Alerts and situation updates

For times when you need information shared immediately, you’ll find no better channel than SMS. Broadcast SMS allows you to deliver messages to all staff in over 150 countries.

Safety and wellbeing check-ups

Keep an eye on the safety and wellbeing of your employees with surveys. You can do this throughout your whole business continuity plan by automating these check-ins at regular intervals.

Communicating with key stakeholders

No matter the size of your business, there will be key stakeholders who need to be informed about potential changes to your daily work as you maintain BAU. These could be investors, suppliers, or distributors. Whoever they are, you need to carefully plan your communications.

Consider what they need to know, when they need to know it by, and how best to get these messages to them.

Continuity updates

Planning regular news updates for your stakeholders is a great way to keep them engaged. The success of this lies in your email marketing tactics.

Segmentation is going to be key. After all, your suppliers aren’t going to need to know all the information you need to share with investors. Dynamic content will help you ensure the only the relevant information is being sent to the right target audience.

Keeping customers updated

During times of business continuity, keeping customer confidence in your brand is going to make a huge difference to the success of your plan.

Broadcast comms

Putting a continuity plan into action will be an unprecedented situation for most brands. It’ll also be a highly unusual position for most of your customers. Keeping them informed about any changes to your business demonstrates your brand integrity in their eyes. Sending a broadcast from your CEO is a great way to improve trust and confidence and can be personalized for more impact.

Two-way conversations

Put customers’ minds at ease quickly and efficiently by introducing live chat to your website. This is going to be particularly effective if you’re an ecommerce brand and have had to close the doors of your brick-and-mortar stores.

Changes to events and activities

As you try to maintain BAU during troubling times, you may be required to change or cancel events or activities you’d organized for your customers. Make sure they’re well informed with plenty of notice with an impactful SMS.
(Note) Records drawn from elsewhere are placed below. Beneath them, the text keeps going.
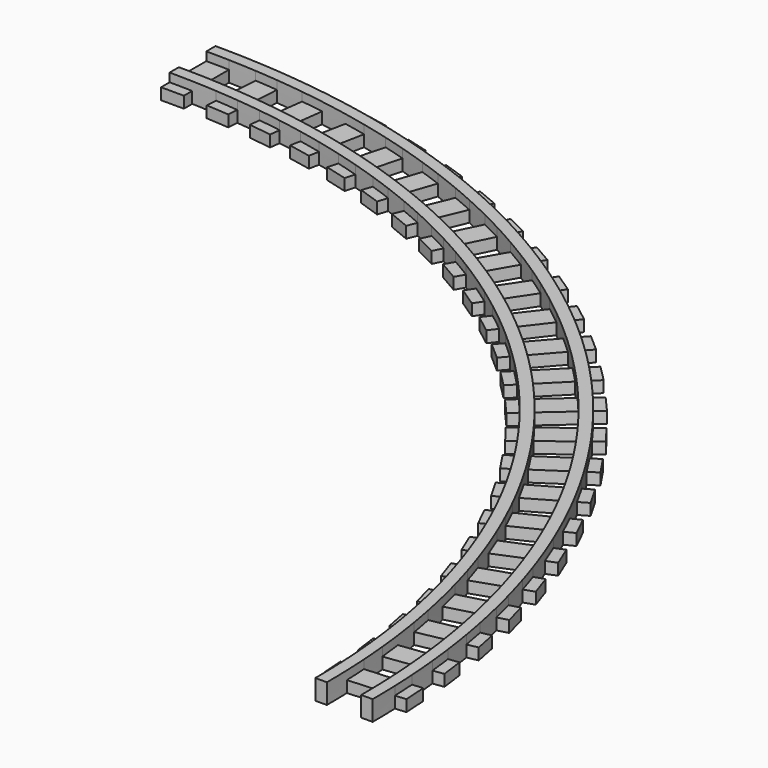
from build123d import *

# Parameters (mm, degrees)
F1_DEPTH = 0.8
F2_DEPTH = 1.4


with BuildPart() as f1:
    # F0 (on Top) → F1 (new body)
    with BuildSketch(Plane.XY):
        with BuildLine():
            ThreePointArc((16.6311172151, 48.993691435), (17.386763269, 48.7306507578), (18.1382513267, 48.4559562805))
            Line((18.1382513267, 48.4559562805), (18.9100588055, 50.729627795))
            ThreePointArc((18.9100588055, 50.729627795), (18.1582983344, 51.0035455811), (17.4025719318, 51.2663237458))
            Line((17.4025719318, 51.2663237458), (16.6311172151, 48.993691435))
        make_face()
        with BuildLine():
            ThreePointArc((9.9358681623, 49.9509824011), (10.7193670612, 49.788726523), (11.5002202458, 49.6141819773))
            Line((11.5002202458, 49.6141819773), (11.6583046084, 50.4089257365))
            ThreePointArc((11.6583046084, 50.4089257365), (10.8773908111, 50.5831812898), (10.093875716, 50.7453400154))
            Line((10.093875716, 50.7453400154), (9.9358681623, 49.9509824011))
        make_face()
        with BuildLine():
            ThreePointArc((50.7453400154, 10.093875716), (50.8953631337, 9.3079466984), (51.0332147669, 8.5197917112))
            Line((51.0332147669, 8.5197917112), (53.3881757978, 8.9882225849))
            ThreePointArc((53.3881757978, 8.9882225849), (53.2495153236, 9.7762251435), (53.0992246884, 10.5620924888))
            Line((53.0992246884, 10.5620924888), (50.7453400154, 10.093875716))
        make_face()
        with BuildLine():
            ThreePointArc((10.093875716, 50.7453400154), (10.8773908111, 50.5831812898), (11.6583046084, 50.4089257365))
            Line((11.6583046084, 50.4089257365), (12.1267354822, 52.7638867673))
            ThreePointArc((12.1267354822, 52.7638867673), (11.3456529805, 52.9373367171), (10.5620924888, 53.0992246884))
            Line((10.5620924888, 53.0992246884), (10.093875716, 50.7453400154))
        make_face()
        with BuildLine():
            ThreePointArc((48.993691435, 16.6311172151), (49.2450154067, 15.8714938755), (49.4845625695, 15.1080749123))
            Line((49.4845625695, 15.1080749123), (51.758234084, 15.8798823911))
            ThreePointArc((51.758234084, 15.8798823911), (51.5179048959, 16.6430446549), (51.2663237458, 17.4025719318))
            Line((51.2663237458, 17.4025719318), (48.993691435, 16.6311172151))
        make_face()
        with BuildLine():
            ThreePointArc((44.8077213791, 25.86975), (45.2024113931, 25.1737534845), (45.5862913757, 24.4717367357))
            Line((45.5862913757, 24.4717367357), (47.66570276, 25.6722854582))
            ThreePointArc((47.66570276, 25.6722854582), (47.2811058581, 26.3738978743), (46.8861823482, 27.06975))
            Line((46.8861823482, 27.06975), (44.8077213791, 25.86975))
        make_face()
        with BuildLine():
            ThreePointArc((34.1142228004, 38.8998157191), (34.7116874142, 38.3676245956), (35.3008508242, 37.8262579611))
            Line((35.3008508242, 37.8262579611), (36.8840043762, 39.6314986018))
            ThreePointArc((36.8840043762, 39.6314986018), (36.2942920622, 40.1722519154), (35.6966527566, 40.704231257))
            Line((35.6966527566, 40.704231257), (34.1142228004, 38.8998157191))
        make_face()
        with BuildLine():
            ThreePointArc((51.2968614051, 6.7533599224), (51.3951610952, 5.9593016578), (51.481169775, 5.1638182427))
            Line((51.481169775, 5.1638182427), (53.8617254985, 5.4772243493))
            ThreePointArc((53.8617254985, 5.4772243493), (53.7748997402, 6.2726085629), (53.6763290723, 7.0666227837))
            Line((53.6763290723, 7.0666227837), (51.2968614051, 6.7533599224))
        make_face()
        with BuildLine():
            ThreePointArc((22.8837956876, 46.4037472105), (23.5986433868, 46.0443252807), (24.3078475358, 45.6738919781))
            Line((24.3078475358, 45.6738919781), (25.3698257798, 47.8273708262))
            ThreePointArc((25.3698257798, 47.8273708262), (24.6602501694, 48.1970696395), (23.9452885441, 48.5562417902))
            Line((23.9452885441, 48.5562417902), (22.8837956876, 46.4037472105))
        make_face()
        with BuildLine():
            ThreePointArc((13.3911679841, 49.9765192893), (14.1623998252, 49.7634634189), (14.9302447677, 49.5385067541))
            Line((14.9302447677, 49.5385067541), (15.5516945156, 51.8577887876))
            ThreePointArc((15.5516945156, 51.8577887876), (14.783628541, 52.0819526075), (14.0123336923, 52.2947412724))
            Line((14.0123336923, 52.2947412724), (13.3911679841, 49.9765192893))
        make_face()
        with BuildLine():
            ThreePointArc((3.3839252048, 51.6287217589), (4.1819031807, 51.5702195655), (4.9788810661, 51.4993844971))
            Line((4.9788810661, 51.4993844971), (5.1359203526, 53.8953410081))
            ThreePointArc((5.1359203526, 53.8953410081), (4.3388803585, 53.9653553447), (3.540892715, 54.0235831747))
            Line((3.540892715, 54.0235831747), (3.3839252048, 51.6287217589))
        make_face()
        with BuildLine():
            ThreePointArc((46.4037472105, 22.8837956876), (46.7520718129, 22.1634753921), (47.0892157868, 21.4378547629))
            Line((47.0892157868, 21.4378547629), (49.2426946349, 22.4998330069))
            ThreePointArc((49.2426946349, 22.4998330069), (48.9048088321, 23.2250970579), (48.5562417902, 23.9452885441))
            Line((48.5562417902, 23.9452885441), (46.4037472105, 22.8837956876))
        make_face()
        with BuildLine():
            ThreePointArc((31.4970119562, 41.04770515), (32.1280043173, 40.5557295439), (32.7513133551, 40.0540551476))
            Line((32.7513133551, 40.0540551476), (34.2130088669, 41.9589738259))
            ThreePointArc((34.2130088669, 41.9589738259), (33.5891922134, 42.4600003144), (32.9580393858, 42.9517531667))
            Line((32.9580393858, 42.9517531667), (31.4970119562, 41.04770515))
        make_face()
        with BuildLine():
            ThreePointArc((38.8998157191, 34.1142228004), (39.4227040594, 33.5085998647), (39.9361645694, 32.8949634403))
            Line((39.9361645694, 32.8949634403), (41.7414052101, 34.4781169923))
            ThreePointArc((41.7414052101, 34.4781169923), (41.2273204377, 35.0912169891), (40.704231257, 35.6966527566))
            Line((40.704231257, 35.6966527566), (38.8998157191, 34.1142228004))
        make_face()
        with BuildLine():
            ThreePointArc((25.86975, 44.8077213791), (26.5595598365, 44.4023157228), (27.2430180278, 43.9862913757))
            Line((27.2430180278, 43.9862913757), (28.4435667503, 46.06570276))
            ThreePointArc((28.4435667503, 46.06570276), (27.759689855, 46.481018485), (27.06975, 46.8861823482))
            Line((27.06975, 46.8861823482), (25.86975, 44.8077213791))
        make_face()
        with BuildLine():
            ThreePointArc((43.0198220057, 28.7449260713), (43.4591873081, 28.0762336998), (43.8881594664, 27.4008269748))
            Line((43.8881594664, 27.4008269748), (45.884599028, 28.7348052418))
            ThreePointArc((45.884599028, 28.7348052418), (45.4549379301, 29.4097616111), (45.0153490753, 30.0782946306))
            Line((45.0153490753, 30.0782946306), (43.0198220057, 28.7449260713))
        make_face()
        with BuildLine():
            ThreePointArc((6.7533599224, 51.2968614051), (7.5458031397, 51.1862942127), (8.3364417991, 51.0634859599))
            Line((8.3364417991, 51.0634859599), (8.6498479057, 53.4440416834))
            ThreePointArc((8.6498479057, 53.4440416834), (7.8590935922, 53.5660350237), (7.0666227837, 53.6763290723))
            Line((7.0666227837, 53.6763290723), (6.7533599224, 51.2968614051))
        make_face()
        with BuildLine():
            ThreePointArc((47.8010650724, 19.7998494489), (48.1015326836, 19.0582898954), (48.3904969466, 18.3121726048))
            Line((48.3904969466, 18.3121726048), (50.6088217316, 19.2310328165))
            ThreePointArc((50.6088217316, 19.2310328165), (50.3190939066, 19.9768428103), (50.0183759504, 20.7182896865))
            Line((50.0183759504, 20.7182896865), (47.8010650724, 19.7998494489))
        make_face()
        with BuildLine():
            ThreePointArc((49.9765192893, 13.3911679841), (50.1776234136, 12.6167336823), (50.3667276984, 11.8392821235))
            Line((50.3667276984, 11.8392821235), (52.686009732, 12.4607318714))
            ThreePointArc((52.686009732, 12.4607318714), (52.4961083073, 13.2379784272), (52.2947412724, 14.0123336923))
            Line((52.2947412724, 14.0123336923), (49.9765192893, 13.3911679841))
        make_face()
        with BuildLine():
            ThreePointArc((51.6287217589, 3.3839252048), (51.6748770866, 2.5851379726), (51.7086745106, 1.7857325117))
            Line((51.7086745106, 1.7857325117), (54.1046310217, 1.9427717982))
            ThreePointArc((54.1046310217, 1.9427717982), (54.0700117805, 2.7421317094), (54.0235831747, 3.540892715))
            Line((54.0235831747, 3.540892715), (51.6287217589, 3.3839252048))
        make_face()
        with BuildLine():
            ThreePointArc((19.7998494489, 47.8010650724), (20.5366739232, 47.4891659689), (21.2685871088, 47.1659099631))
            Line((21.2685871088, 47.1659099631), (22.1874473205, 49.384234748))
            ThreePointArc((22.1874473205, 49.384234748), (21.4552115067, 49.7067335424), (20.7182896865, 50.0183759504))
            Line((20.7182896865, 50.0183759504), (19.7998494489, 47.8010650724))
        make_face()
        with BuildLine():
            ThreePointArc((36.5853513052, 36.5853513052), (37.1467297366, 36.0152235884), (37.6992246306, 35.4364829308))
            Line((37.6992246306, 35.4364829308), (39.3970569162, 37.1343152164))
            ThreePointArc((39.3970569162, 37.1343152164), (38.8439741804, 37.7124797663), (38.28240758, 38.28240758))
            Line((38.28240758, 38.28240758), (36.5853513052, 36.5853513052))
        make_face()
        with BuildLine():
            ThreePointArc((28.7449260713, 43.0198220057), (29.4067441734, 42.5701686321), (30.0615297342, 42.1103347207))
            Line((30.0615297342, 42.1103347207), (31.3955080012, 44.1067742824))
            ThreePointArc((31.3955080012, 44.1067742824), (30.7402582868, 44.5659284735), (30.0782946306, 45.0153490753))
            Line((30.0782946306, 45.0153490753), (28.7449260713, 43.0198220057))
        make_face()
        with BuildLine():
            ThreePointArc((41.04770515, 31.4970119562), (41.5298643112, 30.858487172), (42.0020917204, 30.2125826662))
            Line((42.0020917204, 30.2125826662), (43.9070103987, 31.674278178))
            ThreePointArc((43.9070103987, 31.674278178), (43.4341249795, 32.3196882335), (42.9517531667, 32.9580393858))
            Line((42.9517531667, 32.9580393858), (41.04770515, 31.4970119562))
        make_face()
        with BuildLine():
            ThreePointArc((17.877784521, 47.6886458142), (18.6865502118, 47.377578665), (19.4899064833, 47.0527965614))
            Line((19.4899064833, 47.0527965614), (19.7998494489, 47.8010650724))
            ThreePointArc((19.7998494489, 47.8010650724), (18.9718763763, 48.1356808097), (18.1382513267, 48.4559562805))
            Line((18.1382513267, 48.4559562805), (17.877784521, 47.6886458142))
        make_face()
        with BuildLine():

Sending comforting reassurances directly into the palm of the customer’s hand can be achieved with a personalized push notification. With mobile devices never far from reach, remind customers that you’re still around and working hard to meet their needs.

What to say and when

These are just a few use-case examples. No one knows your customers, employees, or stakeholders as well as you do. You need to carefully consider which channel will have the greatest success with your audience.

What you say and when you say it will be an ongoing challenge during unpredictable times. Only you can make these decisions. But how you say it will make all the difference to your customers.

  • Be open
  • Be honest
  • Be empathetic

Remember that your readers may be as scared, worried, or confused about the situation as you are.

Recent events have provided some amazing examples of brands focusing on their communities. They’ve been speaking to customers honestly as situations change. Focusing on the humans involved rather than the products or services they provide.

Another Space business continuity email

Friction Free Shaving coronavirus email

COACH business continuity email

Before you reach out, run through these questions to determine whether it is a message that needs to be sent:

  • Can I segment my audience? Whether you’re a big or a small organization, your database will interact with you differently. You will have more impact if you take this into consideration.
  • Do I need to say this now? How time-sensitive is the message I want to send? Can I send it later?
  • Does this information impact the reader? Will it affect the way they use our services or products? If they haven’t interacted with us for a while, do they need to know?
  • Are people relying on me for answers? Considering our industry and the concerns affecting the public, are we providing them with the information they need now?
  • Is there a risk in sending this? If it doesn’t have the impact I want, could it lead to unsubscribes, complaints or being marked as spam?